Andalucía en el Alma

SEGUNDA PARTE: LO QUE EL TIEMPO TRAJO CAPÍTULO 23 — El peso de la ausencia

Los meses pasaron, pero no como páginas que se pasan de golpe: cada día pesaba, cada recuerdo asomaba en los rincones. Valeria seguía con sus niñas, pero la casa se sentía demasiado silenciosa, demasiado llena de lo que no estaba. Por las noches, al acostarse, a veces agarraba el teléfono con la mano temblando… y lo volvía a dejar sin tocar.
Una tarde se encontró con Marcos, y por primera vez hablaron sin gritos, sin rencor, solo con el cansancio en la voz:
— Sé que te duele —le dijo él, mirando al suelo—. Pero yo también perdí algo ese día: a mi amigo, y a la mujer que creía conocer.
— Yo no quise romper nada —respondió ella con lágrimas en los ojos—. Solo quise dejar de fingir que estaba viva.
— Y León… él también sufre —dijo él bajito—. Pero el miedo le ganó. No supo elegir sin que le temblaran las piernas.
Del otro lado, León también pasaba sus batallas. En su casa, los silencios con Romina eran más fuertes que cualquier palabra:
— ¿La extrañas, verdad? —le preguntó ella una noche, con voz tranquila pero herida—. No hace falta que mientas más.
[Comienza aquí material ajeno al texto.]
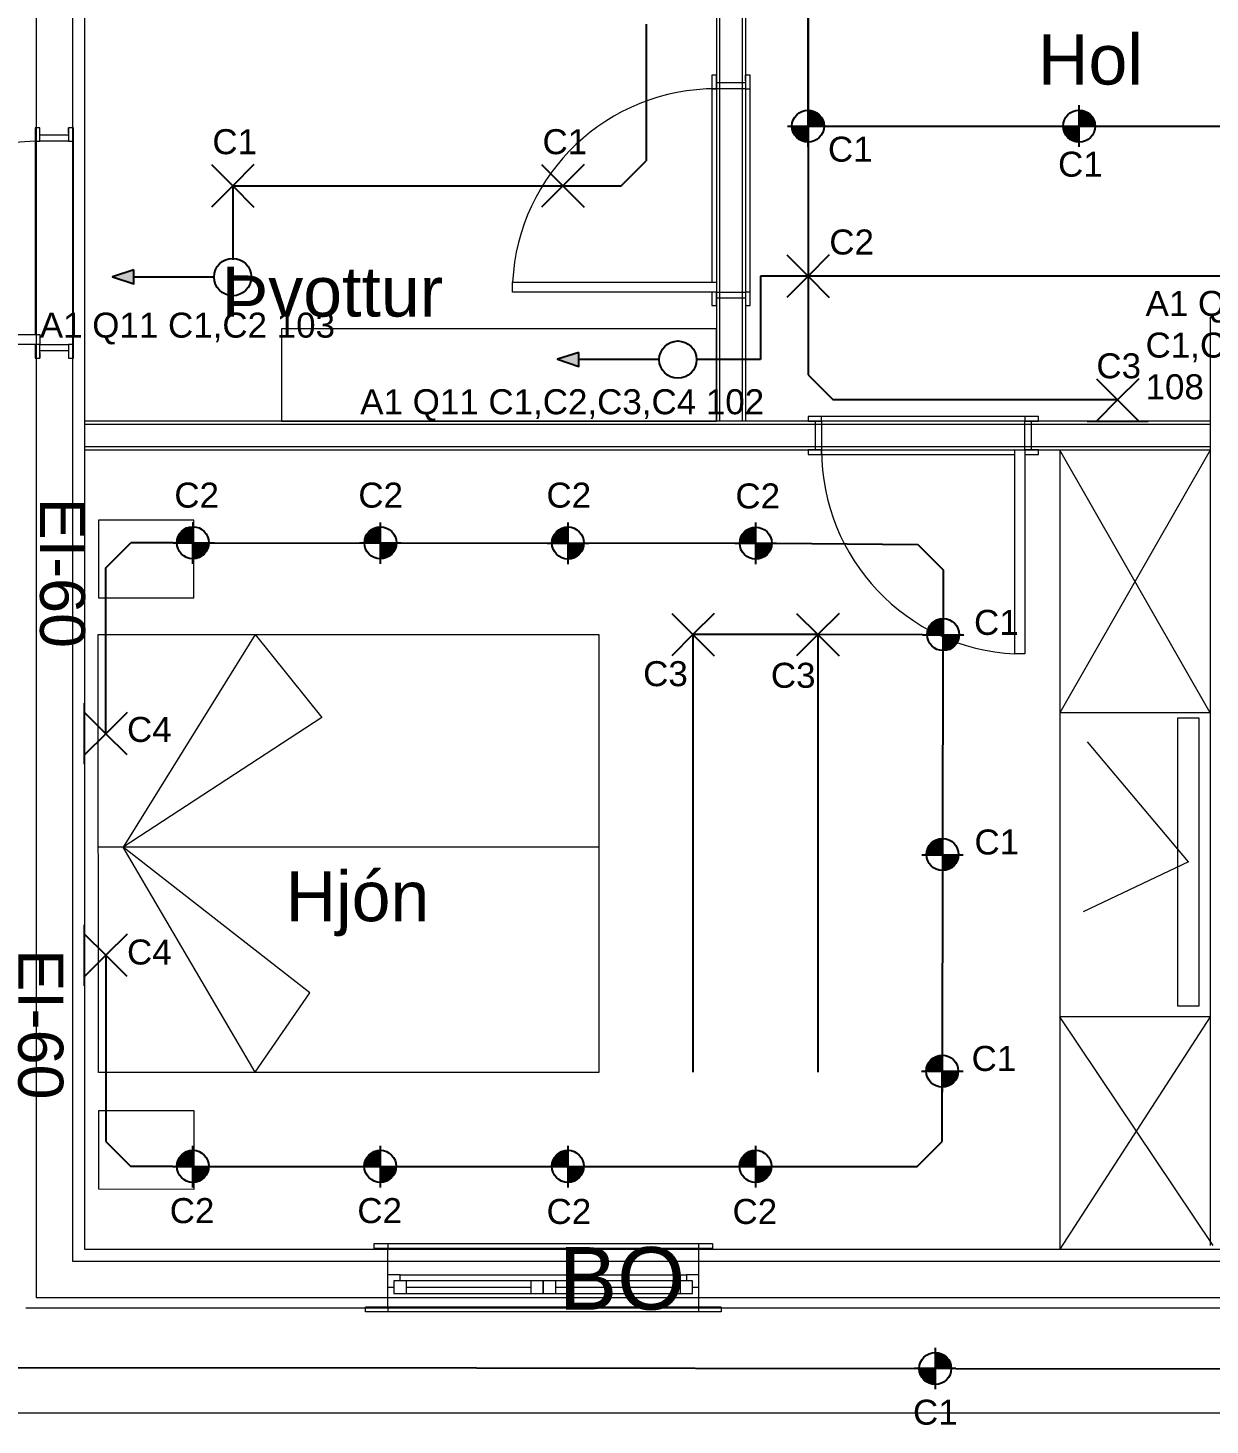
# Model space of a CAD drawing. Header units: millimetres. Extents: x 122681 to 489967, y 7796 to 82317.
# Drawn here: x 135591 to 140318, y 41090 to 46676 of the extents above; entities that cross this region are included whole.
import ezdxf

# ---------------------------------------------------------------- set-up
doc = ezdxf.new("R2010")
doc.units = ezdxf.units.MM
doc.layers.add('Grunnur', color=252, linetype='Continuous', lineweight=18)
for name, color, linetype in [('PDF2_Text', 7, 'Continuous'), ('PDF_R-SKYR-TEXTI', 7, 'Continuous'), ('PDF_R-TAKN-LAGSPENNA', 7, 'Continuous'), ('PDF_Text', 7, 'Continuous'), ('R-TAKN-LAGSPENNA', 7, 'Continuous')]:
    doc.layers.add(name, color=color, linetype=linetype)
doc.styles.add('PDF Arial', font='arial.ttf')
doc.styles.get("Standard").update_dxf_attribs({"font": 'arial.ttf'})

msp = doc.modelspace()

# ---------------------------------------------------------------- linework, layer by layer
at = {"color": 7, "linetype": 'Continuous', "lineweight": 25}
for p, q in [((138710.9, 46283.2), (138710.9, 46883.2)), ((138710.9, 46744.7), (138710.9, 45821.6)), ((138062.7, 46691.7), (138062.7, 46144.5)), ((138710.9, 46283.2), (138710.9, 45683.2)), ((138794.5, 46283.2), (139712.5, 46283.2)), ((139878.6, 46283.2), (140796.6, 46283.2)), ((137962.7, 46044.5), (138062.7, 46144.5)), ((136410, 46044.5), (137730, 46044.5)), ((137730, 46044.5), (137962.7, 46044.5)), ((138710.9, 45683.2), (138710.9, 45288.9)), ((138710.9, 45288.9), (138810.9, 45188.9)), ((139948.2, 45188.9), (138810.9, 45188.9)), ((135902.7, 42968.5), (135902.7, 42224)), ((135469, 41320.7), (137385.1, 41318.6)), ((137385.1, 41318.6), (139135.1, 41316.7)), ((139301.3, 41316.5), (141217.4, 41314.4))]:
    msp.add_line(p, q, dxfattribs=at)
for p, q in [((136335.4, 45680), (136012.6, 45680)), ((138115.4, 45350), (137792.6, 45350))]:
    msp.add_line(p, q)
at = {"color": 2, "true_color": 0xf1eb1f}
for p, q in [((143133.9, 45683.2), (138710.9, 45683.2)), ((138250.2, 44250.3), (138250.2, 42501.2)), ((138749.7, 44250.3), (138749.7, 42501.2))]:
    msp.add_line(p, q, dxfattribs=at)
at = {"layer": 'Grunnur', "color": 252, "linetype": 'Continuous', "lineweight": 18}
for p, q in [((135624.8, 51486.3), (135624.8, 41600.3)), ((135769.8, 51341.3), (135769.8, 41745.3)), ((135817.8, 51293.3), (135817.8, 41793.3)), ((138344.1, 49793.3), (138344.1, 45104.1)), ((138357.1, 49793.3), (138357.1, 45104.1)), ((138447.1, 49793.3), (138447.1, 45104.1)), ((138460.1, 49793.3), (138460.1, 45104.1)), ((138345.1, 46487.1), (138326.1, 46487.1)), ((138326.1, 46487.1), (138326.1, 46433.1)), ((138345.1, 46433.1), (138345.1, 46487.1)), ((138345.1, 46465.1), (138345.1, 46487.1)), ((138479.1, 46487.1), (138460.1, 46487.1)), ((138460.1, 46487.1), (138460.1, 46433.1)), ((138460.1, 46465.1), (138460.1, 46487.1)), ((138479.1, 46433.1), (138479.1, 46487.1)), ((138326.1, 46433.1), (138345.1, 46433.1)), ((138326.1, 46433.1), (138326.1, 45660.1)), ((138460.1, 46433.1), (138479.1, 46433.1)), ((138479.1, 45618.6), (138479.1, 46433.1)), ((135638.9, 46277.4), (135619.9, 46277.4)), ((135619.9, 46277.4), (135619.9, 46223.4)), ((135638.9, 46223.4), (135638.9, 46277.4)), ((135638.9, 46255.4), (135638.9, 46277.4)), ((135772.9, 46277.4), (135753.9, 46277.4)), ((135753.9, 46277.4), (135753.9, 46223.4)), ((135753.9, 46255.4), (135753.9, 46277.4)), ((135772.9, 46223.4), (135772.9, 46277.4)), ((135619.9, 46223.4), (135638.9, 46223.4)), ((135619.9, 46223.4), (135619.9, 45450.4)), ((135753.9, 46223.4), (135772.9, 46223.4)), ((135772.9, 45408.9), (135772.9, 46223.4)), ((138326.1, 45620.1), (138326.1, 45566.1)), ((138345.1, 45620.1), (138326.1, 45620.1)), ((138345.1, 45566.1), (138345.1, 45620.1)), ((138345.1, 45588.1), (138345.1, 45566.1)), ((138460.1, 45620.1), (138460.1, 45566.1)), ((138479.1, 45620.1), (138460.1, 45620.1)), ((138460.1, 45588.1), (138460.1, 45566.1)), ((138479.1, 45566.1), (138479.1, 45620.1)), ((138326.1, 45566.1), (138345.1, 45566.1)), ((138460.1, 45566.1), (138479.1, 45566.1)), ((140317.9, 45521.6), (140317.9, 41807.3)), ((135619.9, 45410.4), (135619.9, 45356.4)), ((135638.9, 45410.4), (135619.9, 45410.4)), ((135638.9, 45356.4), (135638.9, 45410.4)), ((135638.9, 45378.4), (135638.9, 45356.4)), ((135753.9, 45410.4), (135753.9, 45356.4)), ((135772.9, 45410.4), (135753.9, 45410.4)), ((135753.9, 45378.4), (135753.9, 45356.4)), ((135772.9, 45356.4), (135772.9, 45410.4)), ((135619.9, 45356.4), (135638.9, 45356.4)), ((135753.9, 45356.4), (135772.9, 45356.4)), ((140317.9, 45104.1), (135817.8, 45104.1)), ((140317.9, 45091.1), (135817.8, 45091.1)), ((138764.9, 45123.1), (138710.9, 45123.1)), ((138710.9, 45123.1), (138710.9, 45104.1)), ((138710.9, 45104.1), (138764.9, 45104.1)), ((138732.9, 45104.1), (138710.9, 45104.1)), ((138764.9, 45104.1), (138764.9, 45123.1)), ((139579.4, 45123.1), (138764.9, 45123.1)), ((139631.9, 45123.1), (139577.9, 45123.1)), ((139577.9, 45123.1), (139577.9, 45104.1)), ((139577.9, 45104.1), (139631.9, 45104.1)), ((139609.9, 45104.1), (139631.9, 45104.1)), ((139631.9, 45104.1), (139631.9, 45123.1)), ((140317.9, 45001.1), (135817.8, 45001.1)), ((140317.9, 44988.1), (135817.8, 44988.1)), ((138764.9, 44989.1), (138710.9, 44989.1)), ((138710.9, 44989.1), (138710.9, 44970.1)), ((138732.9, 44989.1), (138710.9, 44989.1)), ((138710.9, 44970.1), (138764.9, 44970.1)), ((138764.9, 44970.1), (138764.9, 44989.1)), ((138764.9, 44970.1), (139537.9, 44970.1)), ((139631.9, 44989.1), (139577.9, 44989.1)), ((139577.9, 44989.1), (139577.9, 44970.1)), ((139577.9, 44970.1), (139631.9, 44970.1)), ((139609.9, 44989.1), (139631.9, 44989.1)), ((139631.9, 44970.1), (139631.9, 44989.1)), ((139717.3, 44988.1), (139717.3, 41793.3)), ((140317.9, 43938.4), (139717.3, 44988.1)), ((140317.9, 44988.1), (139717.3, 43938.4)), ((136500.1, 44250.3), (135972.2, 43401.2)), ((136500.1, 44250.3), (136766.1, 43919.7)), ((136766.1, 43919.7), (135972.2, 43401.2)), ((140317.9, 43938.4), (139717.3, 43938.4)), ((140231.1, 43341.5), (139828.5, 43822.1)), ((137874.4, 43401.2), (135873.4, 43401.2)), ((136499.9, 42500.5), (135972.2, 43401.2)), ((136718.9, 42818.6), (135972.2, 43401.2)), ((140231.1, 43341.5), (139809.9, 43141.4)), ((136499.9, 42500.5), (136718.9, 42818.6)), ((140317.9, 42721.7), (139717.3, 42721.7)), ((140330.9, 41807.3), (139717.3, 42721.7)), ((140317.9, 42721.7), (139717.3, 41793.3)), ((137874.4, 42499.7), (135873.4, 42499.7)), ((135817.8, 41793.3), (146717.8, 41793.3)), ((136976, 41796.3), (136976, 41815.3)), ((136976, 41815.3), (138328, 41815.3)), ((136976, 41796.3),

— No sé quién soy sin pensar en ella —admitió él, rompiéndose—. Pero no sé cómo irme, ni cómo quedarme. Me siento atrapado entre dos vidas, y no sé cuál es la mía.
Se evitaban en las reuniones comunes, pero bastaba un cruce de miradas para ver que ambos llevaban la misma marca en el alma: el dolor de lo que pudo ser y no fue.